New-Found Cornucopia of Exoplanets More Than Doubles the Current Cosmic Census
SHARE

Updated: Scores of Earth-like planets orbit sun-like stars scattered throughout the Milky Way, NASA scientists said today. This morning, the agency released data on more than 1,000 new exoplanets, and early indications are that 54 of them are at just the right distance from their stars to harbor life as we know it.

Today’s results more than double the exoplanet-candidate population, bringing the number of planet candidates identified by Kepler to 1,235. NASA needs to conduct follow-up observations to be sure their candidate planets are actually planets. So far, they are certain about 15 of them.

“The fact that we’ve found so many planet candidates in such a tiny fraction of the sky suggests there are countless planets orbiting sun-like stars in our galaxy,” said William Borucki of NASA’s Ames Research Center in Moffett Field, Calif., the father of Kepler and its principal investigator.

Small, Earth-like planets are apparently more common than gas giants like Jupiter, according to today’s announcement. Sixty-eight of the new planet candidates are approximately
Earth-size, and another 288 are super-Earth-size; 662 are Neptune-size; 165 are the size of Jupiter and 19 are larger than Jupiter, NASA said.

NASA said today that 54 planet candidates are in their stars’ Goldilocks zones — not too hot, not too cold, not too far, not too old — which means they might have liquid water, and therefore a key ingredient for life. Of those 54, five are near the size of Earth. Pretty stunning news when you think about it: In one tiny slice of the sky, scientists have found five other planets that may very well resemble our own.

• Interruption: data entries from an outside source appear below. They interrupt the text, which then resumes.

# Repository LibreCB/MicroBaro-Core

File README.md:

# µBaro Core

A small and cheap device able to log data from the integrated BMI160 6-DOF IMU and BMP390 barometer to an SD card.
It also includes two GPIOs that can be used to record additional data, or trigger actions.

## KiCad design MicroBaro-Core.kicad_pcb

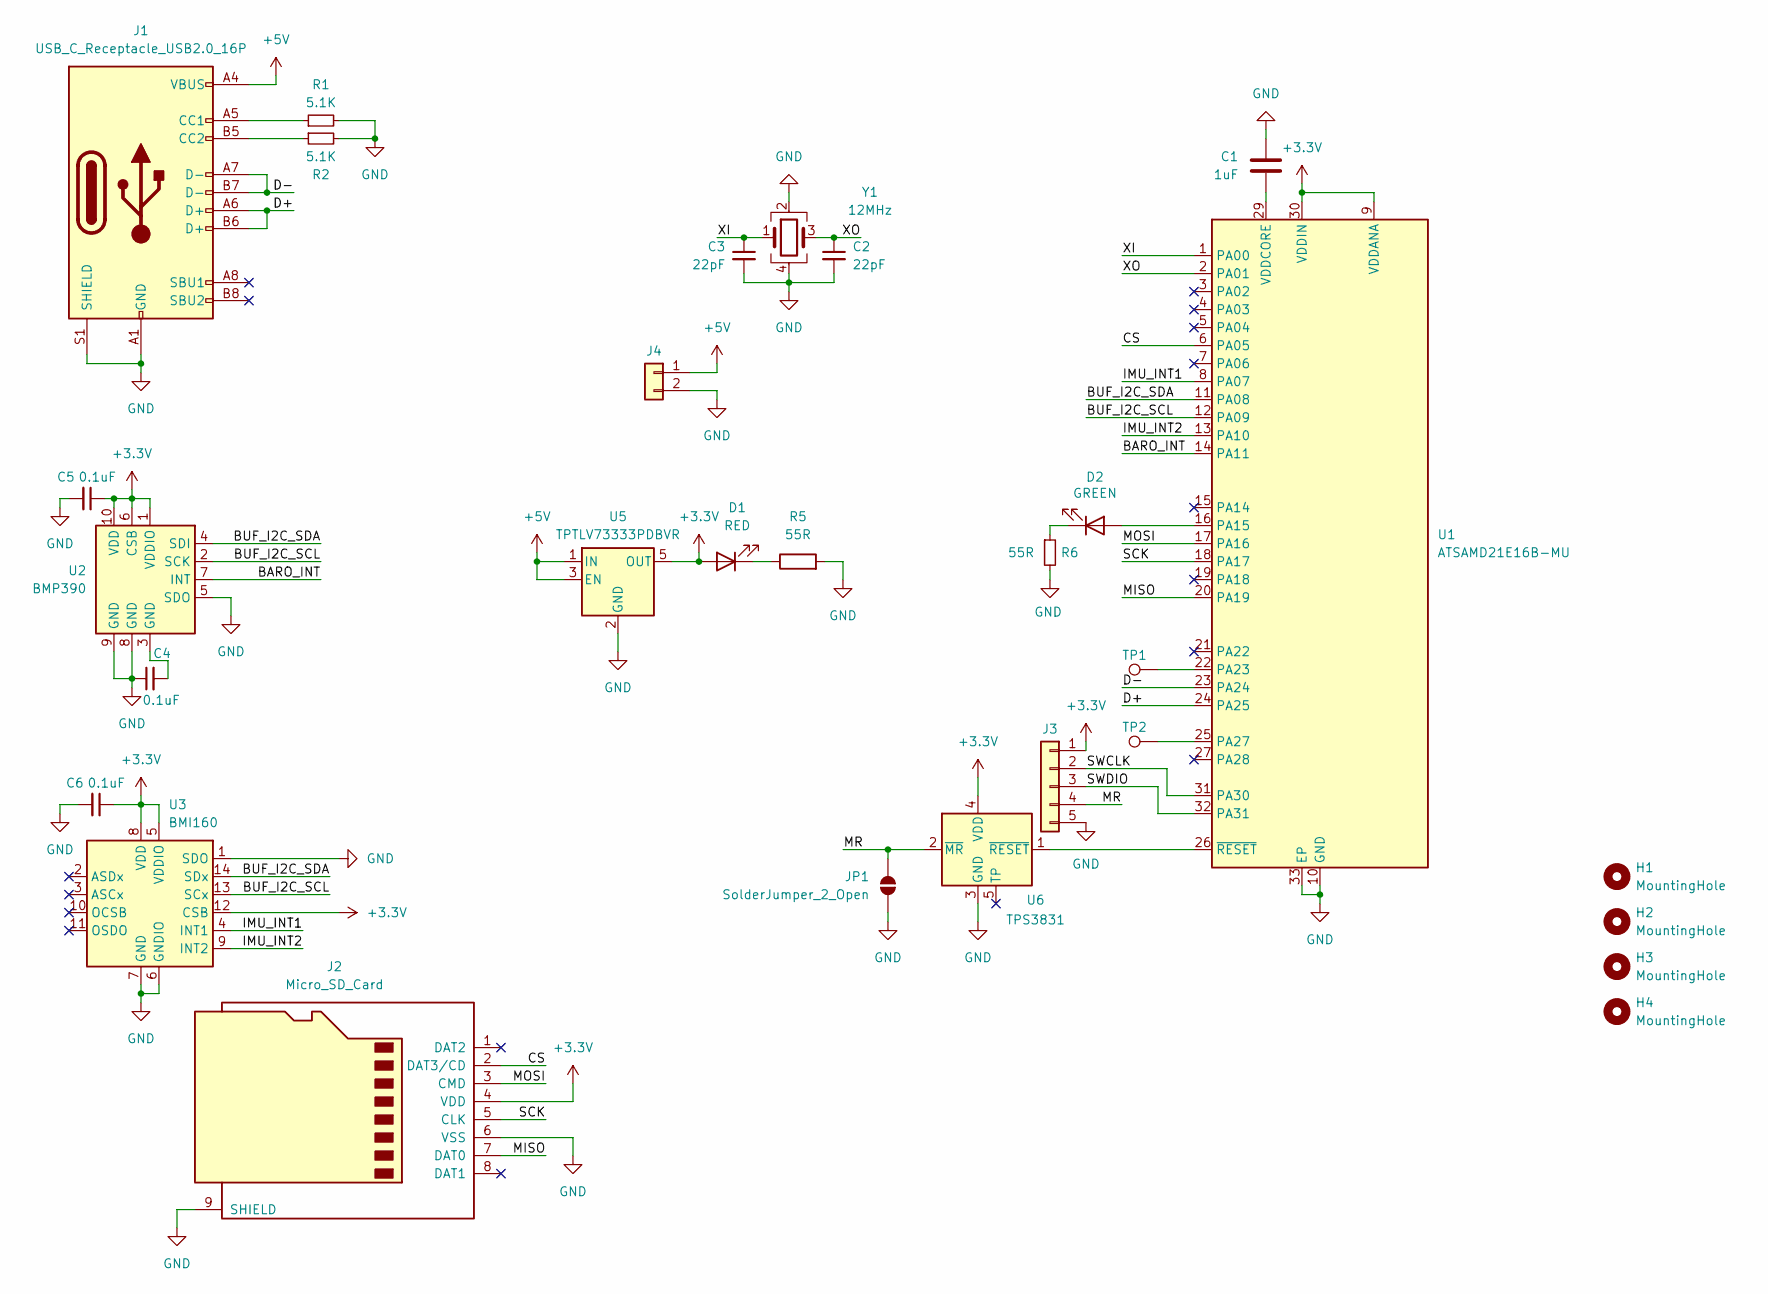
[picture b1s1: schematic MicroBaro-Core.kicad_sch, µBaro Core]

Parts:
C1: 1uF; C_0603_1608Metric; MPN CL10B105KP8NNNC; LCSC Part # C1525
C2, C3: 22pF; C_0603_1608Metric; MPN CL10C220JB8NFNC; LCSC Part # C1555
C4, C5, C6: 0.1uF; C_0603_1608Metric; MPN CL10B104KB8NNWC; LCSC Part # C1591
D1: RED; LED_0603_1608Metric; MPN LTST-C191KRKT; LCSC Part # C2286
D2: GREEN; LED_0603_1608Metric; MPN LTST-C190KGKT; LCSC Part # C12624
H1, H2, H3, H4: MountingHole; MountingHole_2.2mm_M2
J1: USB_C_Receptacle_USB2.0_16P; USB_C_Receptacle_GCT_USB4105-xx-A_16P_TopMnt_Horizontal; MPN USB4105-GF-A; LCSC Part # C3025063
J2: Micro_SD_Card; TF-SMD_TF-015; MPN MSD-4-A; LCSC Part # C113206
J3: Conn_01x04; PinHeader_1x05_P2.54mm_Vertical
J4: Conn_01x02; JST_PH_B2B-PH-K_1x02_P2.00mm_Vertical; MPN B2B-PH-K-S; LCSC Part # C131337
JP1: SolderJumper_2_Open; SolderJumper-2_P1.3mm_Open_RoundedPad1.0x1.5mm
R1, R2: 5.1K; R_0603_1608Metric; MPN SR0603JR-7T5K1L; LCSC Part # C25905
R5, R6: 55R; R_0603_1608Metric; MPN RC0603FR-0756RL; LCSC Part # C137957
TP1, TP2: TestPoint; TestPoint_Pad_D2.0mm
U1: ATSAMD21E16B-MU; QFN-32-1EP_5x5mm_P0.5mm_EP3.6x3.6mm; MPN ATSAMD21E16B-MU; LCSC Part # C614241
U2: BMP390; Bosch_WFLGA-10_2x2mm_P0.5mm; MPN BMP390; LCSC Part # C2684802
U3: BMI160; Bosch_LGA-14_3x2.5mm_P0.5mm; MPN BMI270; LCSC Part # C94021
U5: TPTLV73333PDBVR; SOT-23-5; MPN TLV73333PDBVR; LCSC Part # C2937043
U6: TPS3831; Texas_X2SON-4_1x1mm_P0.65mm; MPN TPS3831K33DQNR; DigiKey Part # 296-40752-1-ND
Y1: 12MHz; Crystal_SMD_3225-4Pin_3.2x2.5mm; MPN 403I35D12M00000; LCSC Part # C9002

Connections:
+3.3V: C5.1, C6.1, D1.2 (A), J2.4 (VDD), J3.1, U1.9 (VDDANA), U1.30 (VDDIN), U2.1 (VDDIO), U2.6 (CSB), U2.10 (VDD), U3.5 (VDDIO), U3.8 (VDD), U3.12 (CSB), U5.5 (OUT), U6.4 (VDD)
+5V: J1.A4 (VBUS), J1.A9 (VBUS), J1.B4 (VBUS), J1.B9 (VBUS), J4.1, U5.1 (IN), U5.3 (EN)
/BARO_INT: U1.14 (PA11), U2.7 (INT)
/BUF_I2C_SCL: U1.12 (PA09), U2.2 (SCK), U3.13 (SCx)
/BUF_I2C_SDA: U1.11 (PA08), U2.4 (SDI), U3.14 (SDx)
/CS: J2.2 (DAT3/CD), U1.6 (PA05)
/D+: J1.A6 (D+), J1.B6 (D+), U1.24 (PA25)
/D-: J1.A7 (D-), J1.B7 (D-), U1.23 (PA24)
/IMU_INT1: U1.8 (PA07), U3.4 (INT1)
/IMU_INT2: U1.13 (PA10), U3.9 (INT2)
/MISO: J2.7 (DAT0), U1.20 (PA19)
/MOSI: J2.3 (CMD), U1.17 (PA16)
/MR: J3.4, JP1.2 (B), U6.2 (~MR)
/SCK: J2.5 (CLK), U1.18 (PA17)
/SWCLK: J3.2, U1.31 (PA30)
/SWDIO: J3.3, U1.32 (PA31)
/XI: C3.1, U1.1 (PA00), Y1.1
/XO: C2.1, U1.2 (PA01), Y1.3
GND: C1.1, C2.2, C3.2, C4.1, C5.2, C6.2, J1.A1 (GND), J1.A12 (GND), J1.B1 (GND), J1.B12 (GND), J1.S1 (SHIELD), J2.6 (VSS), J2.9 (SHIELD), J3.5, J4.2, JP1.1 (A), R1.2, R2.2, R5.2, R6.2, U1.10 (GND), U1.28 (GND), U1.33 (EP), U2.5 (SDO), U2.8 (GND), U2.9 (GND), U3.1 (SDO), U3.6 (GNDIO), U3.7 (GND), U5.2 (GND), U6.3 (GND), Y1.2, Y1.4
unnamed: C4.2, U2.3 (GND)
unnamed: D1.1 (K), R5.1
unnamed: D2.2 (A), U1.16 (PA15)
unnamed: D2.1 (K), R6.1
unnamed: J1.A5 (CC1), R1.1
unnamed: J1.B5 (CC2), R2.1
unnamed: TP1.1, U1.22 (PA23)
unnamed: TP2.1, U1.25 (PA27)
unnamed: C1.2, U1.29 (VDDCORE)
unnamed: U1.26 (~RESET), U6.1 (~RESET)

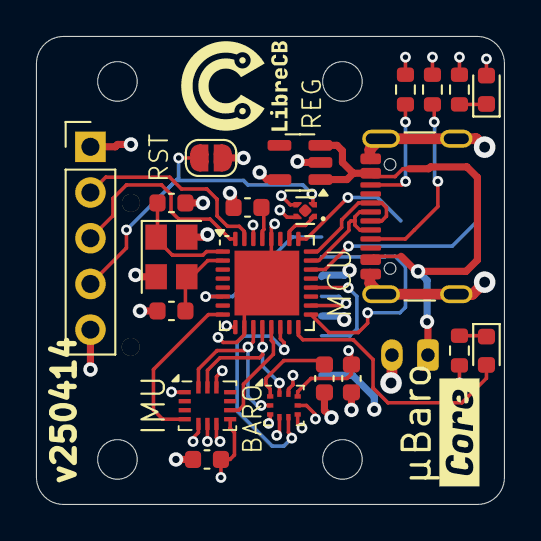
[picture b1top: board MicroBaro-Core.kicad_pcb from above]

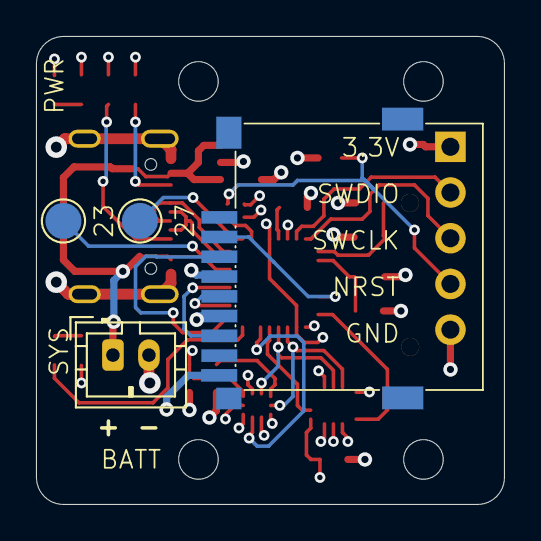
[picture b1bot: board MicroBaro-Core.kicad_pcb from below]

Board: 4 copper layers, 26.0 x 26.0 mm, 30 parts (4 on the bottom side), 29 nets.

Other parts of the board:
kibuzzard-67E48EA0: G***; kibuzzard-67E48EA0

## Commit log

2025-03-27 Initial Revision
2025-03-27 Add render workflow
2025-03-27 Allow manually triggering the PCB render workflow
2025-03-27 fix dispatch typo
2025-03-27 Add revision to PCB
2025-03-27 Install KiCad
2025-03-27 Clean before rendering images
2025-03-27 Used cache when installing kicad
2025-03-27 Fix permissions
2025-03-27 Render PCB
2025-03-27 Create basic README
2025-03-27 Generate upside down read view
2025-03-27 Add crystal
2025-03-27 Add missing JST part number
2025-03-29 add digikey part numbers
2025-04-08 fix schematic
2025-04-08 Add BMP390 symbols
2025-04-08 Fix wrong footprint on barometer
2025-04-08 Cleanup workflow
2025-04-08 Ignore gitignore for renders
2025-04-08 Fix typo in image name
2025-04-08 Cache fonts
2025-04-09 Use local 3D model for MCU
2025-04-09 Clone repository if not in cache
2025-04-09 Use shallow clone
2025-04-09 Cleanup some routing
2025-04-09 Do not install fonts
2025-04-12 Next revision
2025-04-13 Fix git diff (again)

Since launching in 2009, Kepler has been staring at a bunch of stars in the constellations Cygnus and Lyra, looking for small blips in their brightness that would indicate a planet circling around them. Kepler astronomers released data on about 156,000 stars last summer, allowing competing scientists to check them out. The team saved some potentially promising star systems for further study, and those are among the data announced today.

Kepler team members have said they wanted to check and double-check the promising stars so they don’t have any false positives. Other physicists say they’ve been pretty good at this so far — the telescope has had an accuracy rate of at least 80 percent, according to a review by astrophysicists at Caltech. Taking a high-resolution picture of a possible exoplanet candidate can help with follow-up observations, they say. Scientists will want to check out NASA’s new findings, and physicists would like some statistical models to help them sift through all that data.

New-Found Cornucopia of Exoplanets More Than Doubles the Current Cosmic Census

Kepler Candidate Planets

Even before today’s announcement, new planet discoveries have been trickling out in the past few months, including the recent news of Kepler’s smallest, rockiest find to date: Kepler 10b, just 1.4 times the size of Earth. That fiery world is much too close to its star to harbor water, and therefore unlikely to harbor life (at least the kind we understand).

In the new data, there are at least 170 exo-solar-systems harboring multiple planets, NASA said. Kepler-11, located 2,000 light years from Earth, includes six planets in a tight orbit around a yellow dwarf star. New research on Kepler-11 will be published in the Feb. 3 issue of Nature. Other findings are being published in Astrophysical Journal.